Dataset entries
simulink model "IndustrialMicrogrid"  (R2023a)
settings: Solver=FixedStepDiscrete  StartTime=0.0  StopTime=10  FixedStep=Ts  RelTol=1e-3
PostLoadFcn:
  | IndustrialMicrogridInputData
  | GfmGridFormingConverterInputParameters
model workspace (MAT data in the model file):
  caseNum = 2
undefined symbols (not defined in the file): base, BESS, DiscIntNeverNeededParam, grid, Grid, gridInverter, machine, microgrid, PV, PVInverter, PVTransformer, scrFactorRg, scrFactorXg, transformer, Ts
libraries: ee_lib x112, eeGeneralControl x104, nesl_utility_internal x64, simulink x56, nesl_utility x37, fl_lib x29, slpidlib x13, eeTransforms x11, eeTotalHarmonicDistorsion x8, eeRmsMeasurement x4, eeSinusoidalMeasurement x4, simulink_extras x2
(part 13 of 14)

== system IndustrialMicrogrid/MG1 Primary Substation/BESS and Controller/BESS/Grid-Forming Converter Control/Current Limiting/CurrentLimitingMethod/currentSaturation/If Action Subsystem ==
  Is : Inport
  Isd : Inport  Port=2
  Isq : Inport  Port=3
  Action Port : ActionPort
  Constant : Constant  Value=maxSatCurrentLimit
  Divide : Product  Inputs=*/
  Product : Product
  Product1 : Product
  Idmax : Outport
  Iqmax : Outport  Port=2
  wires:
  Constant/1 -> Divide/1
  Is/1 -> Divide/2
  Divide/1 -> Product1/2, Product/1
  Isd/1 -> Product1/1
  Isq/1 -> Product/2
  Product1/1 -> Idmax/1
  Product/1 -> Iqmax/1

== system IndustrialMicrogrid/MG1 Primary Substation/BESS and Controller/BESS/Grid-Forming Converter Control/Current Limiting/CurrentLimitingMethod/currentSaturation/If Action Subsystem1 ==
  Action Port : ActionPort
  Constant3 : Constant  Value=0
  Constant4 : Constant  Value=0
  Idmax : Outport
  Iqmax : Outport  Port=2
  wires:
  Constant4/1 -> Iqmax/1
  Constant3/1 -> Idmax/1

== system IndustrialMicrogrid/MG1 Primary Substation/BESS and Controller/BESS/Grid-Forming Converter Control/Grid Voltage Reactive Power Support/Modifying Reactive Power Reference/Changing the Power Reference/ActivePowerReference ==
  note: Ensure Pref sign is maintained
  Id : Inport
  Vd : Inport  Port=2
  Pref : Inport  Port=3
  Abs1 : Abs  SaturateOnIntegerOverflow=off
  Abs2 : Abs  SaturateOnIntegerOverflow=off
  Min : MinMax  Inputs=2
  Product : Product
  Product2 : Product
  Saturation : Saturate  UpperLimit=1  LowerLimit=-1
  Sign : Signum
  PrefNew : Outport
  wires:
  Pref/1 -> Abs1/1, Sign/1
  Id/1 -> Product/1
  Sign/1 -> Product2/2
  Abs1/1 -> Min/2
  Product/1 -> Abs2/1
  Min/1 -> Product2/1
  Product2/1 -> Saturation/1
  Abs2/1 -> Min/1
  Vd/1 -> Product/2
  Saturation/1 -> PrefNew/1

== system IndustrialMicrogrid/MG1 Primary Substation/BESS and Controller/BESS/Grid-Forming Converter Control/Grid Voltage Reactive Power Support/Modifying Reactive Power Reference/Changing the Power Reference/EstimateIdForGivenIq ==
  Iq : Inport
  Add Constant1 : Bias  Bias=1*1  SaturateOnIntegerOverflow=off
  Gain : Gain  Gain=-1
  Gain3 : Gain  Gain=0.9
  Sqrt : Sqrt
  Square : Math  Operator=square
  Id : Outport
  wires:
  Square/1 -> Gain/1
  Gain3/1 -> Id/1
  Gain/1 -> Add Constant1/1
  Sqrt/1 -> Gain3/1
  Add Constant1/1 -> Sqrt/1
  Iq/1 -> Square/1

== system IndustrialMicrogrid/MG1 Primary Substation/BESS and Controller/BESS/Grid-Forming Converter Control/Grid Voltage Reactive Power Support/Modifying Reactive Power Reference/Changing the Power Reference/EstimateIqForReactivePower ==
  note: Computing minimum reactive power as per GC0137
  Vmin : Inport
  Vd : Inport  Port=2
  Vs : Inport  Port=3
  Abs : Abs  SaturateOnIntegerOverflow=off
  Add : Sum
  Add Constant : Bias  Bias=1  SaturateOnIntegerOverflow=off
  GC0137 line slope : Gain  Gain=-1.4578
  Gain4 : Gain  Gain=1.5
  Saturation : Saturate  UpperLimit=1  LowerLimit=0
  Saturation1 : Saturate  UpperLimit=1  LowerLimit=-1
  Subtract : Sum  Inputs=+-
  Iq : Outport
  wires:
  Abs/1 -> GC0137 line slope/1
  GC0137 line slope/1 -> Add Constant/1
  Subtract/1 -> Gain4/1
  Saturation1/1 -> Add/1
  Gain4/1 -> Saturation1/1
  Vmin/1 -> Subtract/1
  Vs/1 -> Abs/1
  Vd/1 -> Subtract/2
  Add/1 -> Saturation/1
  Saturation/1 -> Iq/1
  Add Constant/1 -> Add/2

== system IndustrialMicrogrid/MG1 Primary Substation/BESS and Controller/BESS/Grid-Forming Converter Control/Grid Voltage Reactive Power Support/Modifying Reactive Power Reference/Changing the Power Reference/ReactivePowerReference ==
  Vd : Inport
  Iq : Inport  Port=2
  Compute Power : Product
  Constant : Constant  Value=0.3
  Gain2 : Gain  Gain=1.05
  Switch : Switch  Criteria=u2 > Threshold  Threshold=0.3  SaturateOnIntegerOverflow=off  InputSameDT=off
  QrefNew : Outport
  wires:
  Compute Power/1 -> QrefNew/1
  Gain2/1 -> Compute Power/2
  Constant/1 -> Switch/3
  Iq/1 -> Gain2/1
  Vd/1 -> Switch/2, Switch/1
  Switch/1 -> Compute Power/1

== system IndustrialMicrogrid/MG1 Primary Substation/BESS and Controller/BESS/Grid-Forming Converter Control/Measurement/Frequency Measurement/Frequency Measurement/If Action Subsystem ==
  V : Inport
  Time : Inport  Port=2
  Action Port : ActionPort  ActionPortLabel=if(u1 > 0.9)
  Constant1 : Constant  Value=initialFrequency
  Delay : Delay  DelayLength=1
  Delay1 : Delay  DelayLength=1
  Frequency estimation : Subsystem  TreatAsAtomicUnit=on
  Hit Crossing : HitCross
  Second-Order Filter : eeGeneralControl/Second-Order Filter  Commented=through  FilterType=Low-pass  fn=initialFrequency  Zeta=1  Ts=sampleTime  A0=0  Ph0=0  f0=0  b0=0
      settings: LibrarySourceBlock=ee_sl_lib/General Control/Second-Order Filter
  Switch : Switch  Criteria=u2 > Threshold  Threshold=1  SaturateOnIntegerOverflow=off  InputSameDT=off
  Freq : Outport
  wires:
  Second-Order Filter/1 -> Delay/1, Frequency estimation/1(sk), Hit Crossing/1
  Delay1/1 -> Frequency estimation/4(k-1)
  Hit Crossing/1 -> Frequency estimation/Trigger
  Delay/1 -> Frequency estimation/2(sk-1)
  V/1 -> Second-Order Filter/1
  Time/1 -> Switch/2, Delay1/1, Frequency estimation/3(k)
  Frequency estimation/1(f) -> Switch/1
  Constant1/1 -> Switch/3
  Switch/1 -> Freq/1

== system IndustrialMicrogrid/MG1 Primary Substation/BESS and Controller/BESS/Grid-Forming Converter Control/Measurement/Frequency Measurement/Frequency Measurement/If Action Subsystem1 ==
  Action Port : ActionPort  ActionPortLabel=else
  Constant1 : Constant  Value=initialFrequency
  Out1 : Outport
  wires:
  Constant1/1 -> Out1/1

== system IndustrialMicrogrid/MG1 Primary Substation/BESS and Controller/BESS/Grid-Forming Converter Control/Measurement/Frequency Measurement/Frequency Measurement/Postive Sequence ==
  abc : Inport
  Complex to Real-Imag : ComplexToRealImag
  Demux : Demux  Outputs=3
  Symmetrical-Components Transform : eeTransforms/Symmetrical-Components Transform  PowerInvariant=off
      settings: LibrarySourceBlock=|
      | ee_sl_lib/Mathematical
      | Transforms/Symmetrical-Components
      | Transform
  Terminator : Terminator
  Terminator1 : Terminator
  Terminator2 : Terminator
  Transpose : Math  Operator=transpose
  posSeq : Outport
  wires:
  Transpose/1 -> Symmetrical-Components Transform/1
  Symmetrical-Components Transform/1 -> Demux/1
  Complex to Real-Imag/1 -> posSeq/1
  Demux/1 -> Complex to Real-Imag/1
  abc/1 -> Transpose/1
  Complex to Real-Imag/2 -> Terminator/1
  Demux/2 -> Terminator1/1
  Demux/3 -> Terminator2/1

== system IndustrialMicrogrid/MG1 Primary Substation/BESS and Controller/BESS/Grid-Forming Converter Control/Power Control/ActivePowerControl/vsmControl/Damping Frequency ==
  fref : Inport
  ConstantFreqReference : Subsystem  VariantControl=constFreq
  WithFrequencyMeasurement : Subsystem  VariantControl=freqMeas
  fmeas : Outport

The problem: Would you filter the records and copy each line that contains the word "Iqmax"?

Written reply:
  Iqmax : Outport  Port=2
  Product/1 -> Iqmax/1
  Iqmax : Outport  Port=2
  Constant4/1 -> Iqmax/1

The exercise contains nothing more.